# French motorway birds of prey



## shirleydeputy

Hi

Just wondering if anybody can identify the birds of prey that we see so much sitting on the fences bordering the French roads. I'm no expert but I don't believe they are kestrels which we see so often in this country. They seemed bigger and were not hovering.

On our way down to Spain in January we saw around 15 of these birds at various spots in non built up areas. (So obviously not rare then!)

They were motionless, sitting upright and always facing the road. They were various shades of brown and with typical bird of prey beak and claws. 

We only travelled about third of the distance through France on cross country motorways so it felt like we saw a high proprtion of these birds given the distance involved.

It felt like they were on sentry duty watching over the traffic and certainly broke up the journey for us!
Thanks for reading this......
Shirley


----------



## PENJPET

I believe they are buzzards, we too have seen them on our way down to the Alps over the past 2 years. Sometimes we have seen many for miles always about 1 mile appart. Some are darker than others, I presume they are different sexs.

Never seem to see much other wildlife during these journeys maybe a couple of deer here and there and the odd fox, but nothing much else.


----------



## 100127

Yup, they are definitely buzzards.


----------



## SpeedyDux

The ones I've seen on fence posts in France (and likewise not far from where I live) are Buzzards. Sometimes I see them circling high in the sky above the nearby Ring Road, or the M4, or M32. 


SD


----------



## teemyob

*Buzzrads*

Yes, they are probably Buzzards. Often seen circling in the skies and can be quite aggressive.

TM


----------



## pippin

Motionless?

That's because they are plastic replicas designed to scare other birds away for safety reasons.

No? Oh well, just a thought!!

Incidentally a buzzard in Welsh is bwncath, cath  being cat - because of the mewing sound they make in flight.

Be careful when pronouncing buzzard in French buse.

It sounds very similar to their vernacular word for cowsh1t, for which I cannot find the spelling.

We discovered the problem when talking about booze (liquor) - they went very quiet then burst out laughing!

The nuances of pronounciation of the three words are virtually impossible for the English-speaker to master.
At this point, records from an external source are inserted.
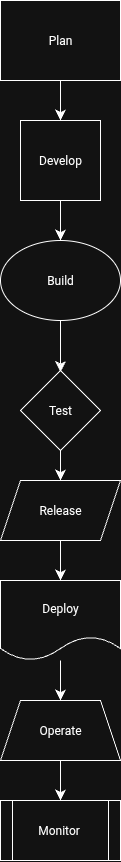

The diagram above was exported from draw.io. Its source (the exported page's mxGraphModel, read from the mxfile embedded in the PNG):
<mxGraphModel dx="186" dy="768" grid="1" gridSize="10" guides="1" tooltips="1" connect="1" arrows="1" fold="1" page="1" pageScale="1" pageWidth="850" pageHeight="1100" math="0" shadow="0">
  <root>
    <mxCell id="0" />
    <mxCell id="1" parent="0" />
    <mxCell id="3zle-ROcSxJovQGvDMlm-7" style="edgeStyle=none;curved=1;rounded=0;orthogonalLoop=1;jettySize=auto;html=1;entryX=0.5;entryY=0;entryDx=0;entryDy=0;fontSize=12;startSize=8;endSize=8;" edge="1" parent="1" source="3zle-ROcSxJovQGvDMlm-4" target="3zle-ROcSxJovQGvDMlm-5">
      <mxGeometry relative="1" as="geometry" />
    </mxCell>
    <mxCell id="3zle-ROcSxJovQGvDMlm-4" value="Plan" style="rounded=0;whiteSpace=wrap;html=1;" vertex="1" parent="1">
      <mxGeometry x="220" y="40" width="120" height="80" as="geometry" />
    </mxCell>
    <mxCell id="3zle-ROcSxJovQGvDMlm-9" value="" style="edgeStyle=none;curved=1;rounded=0;orthogonalLoop=1;jettySize=auto;html=1;fontSize=12;startSize=8;endSize=8;" edge="1" parent="1" source="3zle-ROcSxJovQGvDMlm-5" target="3zle-ROcSxJovQGvDMlm-8">
      <mxGeometry relative="1" as="geometry" />
    </mxCell>
    <mxCell id="3zle-ROcSxJovQGvDMlm-5" value="Develop" style="whiteSpace=wrap;html=1;aspect=fixed;" vertex="1" parent="1">
      <mxGeometry x="240" y="160" width="80" height="80" as="geometry" />
    </mxCell>
    <mxCell id="3zle-ROcSxJovQGvDMlm-11" value="" style="edgeStyle=none;curved=1;rounded=0;orthogonalLoop=1;jettySize=auto;html=1;fontSize=12;startSize=8;endSize=8;" edge="1" parent="1" source="3zle-ROcSxJovQGvDMlm-8">
      <mxGeometry relative="1" as="geometry">
        <mxPoint x="280" y="411.60768743134076" as="targetPoint" />
      </mxGeometry>
    </mxCell>
    <mxCell id="3zle-ROcSxJovQGvDMlm-8" value="Build" style="ellipse;whiteSpace=wrap;html=1;" vertex="1" parent="1">
      <mxGeometry x="220" y="280" width="120" height="80" as="geometry" />
    </mxCell>
    <mxCell id="3zle-ROcSxJovQGvDMlm-18" value="" style="edgeStyle=none;curved=1;rounded=0;orthogonalLoop=1;jettySize=auto;html=1;fontSize=12;startSize=8;endSize=8;" edge="1" parent="1" source="3zle-ROcSxJovQGvDMlm-16" target="3zle-ROcSxJovQGvDMlm-17">
      <mxGeometry relative="1" as="geometry" />
    </mxCell>
    <mxCell id="3zle-ROcSxJovQGvDMlm-16" value="Test" style="rhombus;whiteSpace=wrap;html=1;" vertex="1" parent="1">
      <mxGeometry x="240" y="410" width="80" height="80" as="geometry" />
    </mxCell>
    <mxCell id="3zle-ROcSxJovQGvDMlm-20" value="" style="edgeStyle=none;curved=1;rounded=0;orthogonalLoop=1;jettySize=auto;html=1;fontSize=12;startSize=8;endSize=8;" edge="1" parent="1" source="3zle-ROcSxJovQGvDMlm-17" target="3zle-ROcSxJovQGvDMlm-19">
      <mxGeometry relative="1" as="geometry" />
    </mxCell>
    <mxCell id="3zle-ROcSxJovQGvDMlm-17" value="Release" style="shape=parallelogram;perimeter=parallelogramPerimeter;whiteSpace=wrap;html=1;fixedSize=1;" vertex="1" parent="1">
      <mxGeometry x="220" y="520" width="120" height="60" as="geometry" />
    </mxCell>
    <mxCell id="3zle-ROcSxJovQGvDMlm-22" value="" style="edgeStyle=none;curved=1;rounded=0;orthogonalLoop=1;jettySize=auto;html=1;fontSize=12;startSize=8;endSize=8;" edge="1" parent="1" source="3zle-ROcSxJovQGvDMlm-19" target="3zle-ROcSxJovQGvDMlm-21">
      <mxGeometry relative="1" as="geometry" />
    </mxCell>
    <mxCell id="3zle-ROcSxJovQGvDMlm-19" value="Deploy" style="shape=document;whiteSpace=wrap;html=1;boundedLbl=1;" vertex="1" parent="1">
      <mxGeometry x="220" y="620" width="120" height="80" as="geometry" />
    </mxCell>
    <mxCell id="3zle-ROcSxJovQGvDMlm-24" value="" style="edgeStyle=none;curved=1;rounded=0;orthogonalLoop=1;jettySize=auto;html=1;fontSize=12;startSize=8;endSize=8;" edge="1" parent="1" source="3zle-ROcSxJovQGvDMlm-21" target="3zle-ROcSxJovQGvDMlm-23">
      <mxGeometry relative="1" as="geometry" />
    </mxCell>
    <mxCell id="3zle-ROcSxJovQGvDMlm-21" value="Operate" style="shape=trapezoid;perimeter=trapezoidPerimeter;whiteSpace=wrap;html=1;fixedSize=1;" vertex="1" parent="1">
      <mxGeometry x="220" y="740" width="120" height="60" as="geometry" />
    </mxCell>
    <mxCell id="3zle-ROcSxJovQGvDMlm-23" value="Monitor&amp;nbsp;" style="shape=process;whiteSpace=wrap;html=1;backgroundOutline=1;" vertex="1" parent="1">
      <mxGeometry x="220" y="840" width="120" height="60" as="geometry" />
    </mxCell>
  </root>
</mxGraphModel>

From the mine of useless information.


----------



## Spacerunner

When we were down south in France a couple of years ago we kept seeing large birds of prey circling high in the sky.

On enquiring at a campsite reception we were told they were vultures!

Quickly made a mental note not to lie too still when sunbathing.

Once, when driving through a forested area we had a large bird of prey flying alongside the cab window for several hundred yards, it looked like a Golden Eagle!

These are migrating spoonbills we spotted at St Valery sur Somme.


----------



## raynipper

Many Buzzards up here in Normandy. As you say they seem to sit on electric poles about a mile apart. This one was injured and had to be fed milk and brandy till it flew off a few days later.

Ray.


----------



## trevorf

Milk and BRANDY?

Did it manage to fly off in a straight line :lol: :lol: :lol: 




Trevor


----------



## thieawin

Not just France

In Bulgaria in early February saw over 100 between Bansko and Bourgas, a 6 hour drive

Sitting on posts and in trees, looking very cold, ruffled and n miserable


----------



## Jodi1

I agre they are probably Buzzards. They can sort of hover if there is a strong enough wind as they are able to fly into it and manage to stay still with an occasional wing twitch.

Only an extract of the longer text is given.